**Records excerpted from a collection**
━━━━━━━━━━

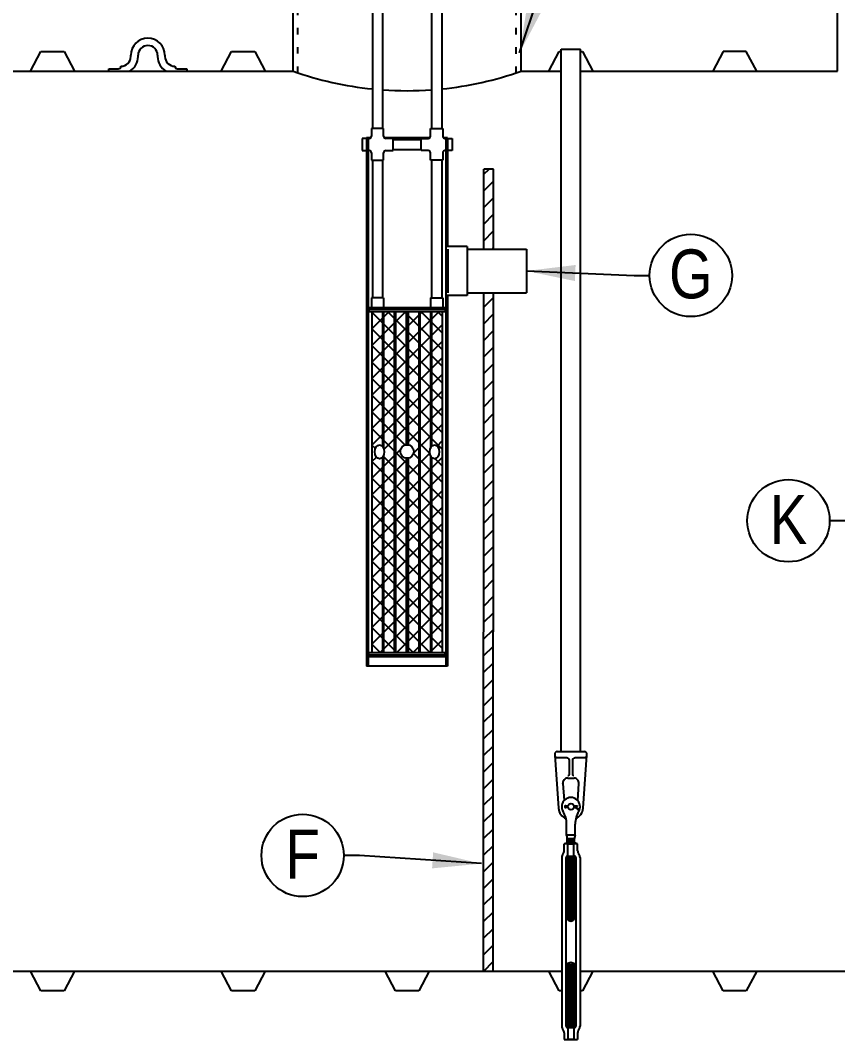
# Model space of a CAD drawing. Extents: x 0 to 216, y -5 to 280.
# Drawn here: x 101.8 to 141.57, y 125.98 to 175.58 of the extents above; entities that cross this region are included whole.
import ezdxf

# ---------------------------------------------------------------- set-up
doc = ezdxf.new("R2010")
doc.units = 0
doc.header["$LTSCALE"] = 10
doc.header["$MEASUREMENT"] = 0
doc.linetypes.add('SHORT_DASH', pattern=[0.125, 0.03125, -0.0625, 0.03125])
doc.layers.add('CADdetails-7-VERYFINE', color=7, linetype='CONTINUOUS')
doc.layers.add('CADdetails-9-EXTRAFINE', color=9, linetype='CONTINUOUS')
doc.styles.add('CADdetails-DIMENSIONS', font='ARIALN.TTF', dxfattribs={"height": 2.38})
doc.styles.add('CADdetails-NOTES', font='ARIALN.TTF', dxfattribs={"height": 2.38})
doc.dimstyles.new('CADdetails-LEADER', dxfattribs={"dimtxt": 2.38, "dimasz": 2.38, "dimexe": 0.5, "dimexo": 1.5, "dimgap": 1, "dimtad": 0, "dimzin": 0, "dimdsep": 46, "dimtxsty": 'CADdetails-DIMENSIONS', "dimcen": 1, "dimclrd": 256, "dimclre": 256, "dimclrt": 256, "dimadec": 0, "dimazin": 0, "dimtfac": 1, "dimtdec": 4, "dimtofl": 0, "dimtmove": 0, "dimatfit": 3, "dimfxl": 1, "dimtolj": 1, "dimtzin": 0, "dimarcsym": 0})

msp = doc.modelspace()

# ---------------------------------------------------------------- linework, layer by layer
at = {"layer": 'CADdetails-7-VERYFINE'}
for centre in [(134.424, 163.164), (139.174, 151.231), (115.532, 134.944)]:
    msp.add_circle(centre, 2.004, dxfattribs=at)
at = {"layer": 'CADdetails-9-EXTRAFINE', "linetype": 'Continuous'}
for p, q in [((115.067, 173.105), (115.067, 195.45)), ((141.568, 173.105), (141.568, 195.459)), ((118.927, 178.532), (118.927, 170.314)), ((119.426, 178.532), (119.426, 170.314)), ((121.802, 178.532), (121.802, 170.314)), ((122.301, 178.532), (122.301, 170.314)), ((126.161, 173.102), (126.161, 176.443)), ((128.114, 139.994), (128.116, 174.176)), ((128.116, 174.176), (129.059, 174.176)), ((129.057, 139.994), (129.059, 174.176)), ((102.288, 173.105), (102.794, 174.057)), ((102.794, 174.057), (103.924, 174.057)), ((103.924, 174.057), (104.43, 173.105)), ((107.167, 173.819), (107.167, 173.879)), ((107.524, 173.819), (107.524, 173.879)), ((108.476, 173.879), (108.476, 173.819)), ((108.833, 173.879), (108.833, 173.819)), ((111.57, 173.105), (112.076, 174.057)), ((112.076, 174.057), (113.206, 174.057)), ((113.206, 174.057), (113.712, 173.105)), ((127.516, 173.105), (128.022, 174.057)), ((128.022, 174.057), (128.116, 174.057)), ((129.059, 174.057), (129.152, 174.057)), ((129.152, 174.057), (129.658, 173.105)), ((135.995, 174.059), (135.489, 173.107)), ((137.125, 174.059), (135.995, 174.059)), ((137.631, 173.107), (137.125, 174.059)), ((95.858, 173.105), (115.067, 173.105)), ((106.096, 173.224), (106.56, 173.224)), ((106.096, 173.105), (106.096, 173.224)), ((106.691, 173.343), (106.691, 173.343)), ((109.309, 173.343), (109.31, 173.343)), ((109.44, 173.224), (109.904, 173.224)), ((109.904, 173.224), (109.904, 173.105)), ((126.161, 173.105), (128.116, 173.105)), ((129.059, 173.107), (141.568, 173.107)), ((119.474, 170.314), (118.88, 170.314)), ((118.88, 170.314), (118.88, 169.943)), ((119.474, 169.943), (119.474, 170.314)), ((121.755, 169.943), (121.755, 170.314)), ((121.755, 170.314), (122.348, 170.314)), ((122.348, 170.314), (122.348, 169.943)), ((118.638, 169.831), (118.423, 169.831)), ((118.423, 169.831), (118.423, 169.246)), ((118.638, 169.854), (118.638, 144.15)), ((118.835, 169.854), (118.638, 169.854)), ((118.719, 169.854), (118.719, 144.15)), ((118.768, 169.831), (118.719, 169.831)), ((121.71, 169.854), (119.518, 169.854)), ((119.93, 169.831), (119.585, 169.831)), ((119.93, 169.246), (119.93, 169.831)), ((119.93, 169.788), (121.298, 169.788)), ((121.298, 169.246), (121.298, 169.831)), ((121.298, 169.831), (121.643, 169.831)), ((122.59, 169.854), (122.393, 169.854)), ((122.46, 169.831), (122.509, 169.831)), ((122.509, 169.854), (122.509, 144.15)), ((122.59, 169.854), (122.59, 164.571)), ((122.59, 169.831), (122.805, 169.831)), ((122.805, 169.831), (122.805, 169.246)), ((118.423, 169.246), (118.638, 169.246)), ((118.719, 169.246), (118.768, 169.246)), ((118.88, 169.134), (118.88, 168.77)), ((119.474, 168.77), (119.474, 169.134)), ((119.585, 169.246), (119.93, 169.246)), ((119.93, 169.29), (121.298, 169.29)), ((121.643, 169.246), (121.298, 169.246)), ((121.755, 168.77), (121.755, 169.134)), ((122.348, 169.134), (122.348, 168.77)), ((122.509, 169.246), (122.46, 169.246)), ((122.805, 169.246), (122.59, 169.246)), ((118.88, 168.77), (119.474, 168.77)), ((118.927, 168.77), (118.927, 162.08)), ((119.426, 168.77), (119.426, 162.08)), ((122.348, 168.77), (121.755, 168.77)), ((121.802, 168.77), (121.802, 162.08)), ((122.301, 168.77), (122.301, 162.08)), ((124.349, 164.452), (124.351, 168.345)), ((124.827, 168.345), (124.351, 168.345)), ((124.351, 168.088), (124.607, 168.345)), ((124.825, 164.452), (124.827, 168.345)), ((124.35, 167.28), (124.827, 167.756)), ((124.35, 166.472), (124.826, 166.948)), ((124.35, 165.664), (124.826, 166.14)), ((124.349, 164.856), (124.826, 165.332)), ((123.54, 164.571), (122.509, 164.571)), ((122.598, 164.452), (122.598, 162.315)), ((123.54, 164.571), (123.54, 162.196)), ((123.54, 164.452), (124.349, 164.452)), ((124.349, 164.452), (124.825, 164.452)), ((124.753, 164.452), (124.825, 164.524)), ((124.825, 164.452), (126.432, 164.452)), ((126.432, 164.452), (126.432, 162.315)), ((123.54, 162.196), (122.509, 162.196)), ((122.59, 162.196), (122.59, 144.15)), ((123.54, 162.315), (124.348, 162.315)), ((124.336, 129.313), (124.348, 162.315)), ((124.348, 162.315), (124.824, 162.315)), ((124.812, 129.313), (124.824, 162.315)), ((124.824, 162.315), (126.432, 162.315)), ((119.474, 162.08), (118.88, 162.08)), ((118.88, 162.08), (118.88, 161.605)), ((119.474, 162.08), (119.474, 161.605)), ((121.755, 162.08), (121.755, 161.605)), ((121.755, 162.08), (122.348, 162.08)), ((122.348, 162.08), (122.348, 161.605)), ((124.348, 161.623), (124.824, 162.1)), ((118.719, 161.57), (122.509, 161.57)), ((118.719, 161.522), (122.509, 161.522)), ((118.757, 161.605), (118.757, 161.57)), ((118.757, 161.605), (122.472, 161.605)), ((118.757, 161.522), (118.757, 161.416)), ((118.757, 161.416), (118.899, 161.416)), ((118.899, 161.416), (122.329, 161.416)), ((118.899, 161.416), (118.899, 144.816)), ((118.899, 158.145), (122.17, 161.416)), ((118.899, 158.953), (121.362, 161.416)), ((118.899, 159.76), (120.555, 161.416)), ((118.899, 160.568), (119.747, 161.416)), ((118.899, 161.376), (118.939, 161.416)), ((122.329, 157.946), (118.899, 161.376)), ((119.417, 161.416), (119.417, 154.847)), ((119.473, 161.416), (119.473, 154.752)), ((122.329, 158.754), (119.667, 161.416)), ((119.991, 161.416), (119.991, 144.816)), ((120.048, 161.416), (120.048, 144.816)), ((122.329, 159.562), (120.475, 161.416)), ((120.565, 161.416), (120.565, 154.92)), ((120.663, 161.416), (120.663, 154.92)), ((121.181, 161.416), (121.181, 144.816)), ((121.237, 161.416), (121.237, 144.816)), ((122.329, 160.37), (121.283, 161.416)), ((121.755, 161.416), (121.755, 154.752)), ((121.811, 161.416), (121.811, 154.847)), ((122.329, 161.177), (122.091, 161.416)), ((122.329, 161.416), (122.472, 161.416)), ((122.329, 161.416), (122.329, 144.816)), ((122.472, 161.605), (122.472, 161.57)), ((122.472, 161.522), (122.472, 161.416)), ((124.348, 160.815), (124.824, 161.292)), ((118.899, 157.337), (122.329, 160.767)), ((122.329, 157.138), (118.899, 160.568)), ((124.348, 160.007), (124.824, 160.483)), ((118.899, 156.529), (122.329, 159.959)), ((122.329, 156.331), (118.899, 159.76)), ((124.347, 159.199), (124.823, 159.675)), ((118.899, 155.721), (122.329, 159.151)), ((122.329, 155.523), (118.899, 158.953)), ((124.347, 158.391), (124.823, 158.867)), ((118.899, 154.914), (122.329, 158.343)), ((122.329, 154.715), (118.899, 158.145)), ((124.347, 157.583), (124.823, 158.059)), ((121.729, 154.507), (118.899, 157.337)), ((119.491, 154.697), (122.329, 157.535)), ((124.346, 156.775), (124.823, 157.251)), ((120.519, 154.91), (118.899, 156.529)), ((120.508, 154.906), (122.329, 156.728)), ((124.346, 155.967), (124.822, 156.443)), ((120.932, 154.523), (122.329, 155.92)), ((122.329, 152.292), (118.899, 155.721)), ((124.346, 155.159), (124.822, 155.635)), ((119.071, 154.742), (118.899, 154.914)), ((122.081, 154.864), (122.329, 155.112)), ((124.345, 154.35), (124.822, 154.827)), ((118.899, 153.298), (120.306, 154.704)), ((118.899, 151.682), (121.729, 154.512)), ((118.899, 154.106), (119.122, 154.328)), ((118.899, 150.875), (122.329, 154.304)), ((118.899, 152.49), (120.689, 154.28)), ((119.417, 154.317), (119.417, 144.816)), ((122.329, 151.484), (119.45, 154.363)), ((119.473, 154.413), (119.473, 144.816)), ((120.565, 154.275), (120.565, 144.816)), ((120.663, 154.275), (120.663, 144.816)), ((122.329, 153.099), (120.926, 154.502)), ((121.755, 154.412), (121.755, 144.816)), ((121.811, 154.317), (121.811, 144.816)), ((122.329, 150.676), (118.899, 154.106)), ((122.329, 153.907), (121.988, 154.248)), ((124.345, 153.542), (124.821, 154.019)), ((118.899, 150.067), (122.329, 153.496)), ((122.329, 149.868), (118.899, 153.298)), ((124.345, 152.734), (124.821, 153.21)), ((118.899, 149.259), (122.329, 152.689)), ((122.329, 149.061), (118.899, 152.49)), ((124.344, 151.926), (124.821, 152.402)), ((118.899, 148.451), (122.329, 151.881)), ((122.329, 148.253), (118.899, 151.682)), ((124.344, 151.118), (124.82, 151.594)), ((118.899, 147.643), (122.329, 151.073)), ((122.329, 147.445), (118.899, 150.875)), ((124.344, 150.31), (124.82, 150.786)), ((118.899, 146.836), (122.329, 150.265)), ((122.329, 146.637), (118.899, 150.067)), ((124.344, 149.502), (124.82, 149.978)), ((118.899, 146.028), (122.329, 149.457)), ((122.329, 145.829), (118.899, 149.259)), ((124.343, 148.694), (124.819, 149.17)), ((118.899, 145.22), (122.329, 148.65)), ((122.329, 145.022), (118.899, 148.451)), ((124.343, 147.886), (124.819, 148.362)), ((119.303, 144.816), (122.329, 147.842)), ((121.727, 144.816), (118.899, 147.643)), ((124.343, 147.077), (124.819, 147.554)), ((120.919, 144.816), (118.899, 146.836)), ((120.111, 144.816), (122.329, 147.034)), ((124.342, 146.269), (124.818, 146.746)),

━━━━━━━━━━

**Requirement**
Lines holding the word "header" in the entries above are the ones to pull out. Copy them all.

**Reply**
doc.header["$LTSCALE"] = 10
doc.header["$MEASUREMENT"] = 0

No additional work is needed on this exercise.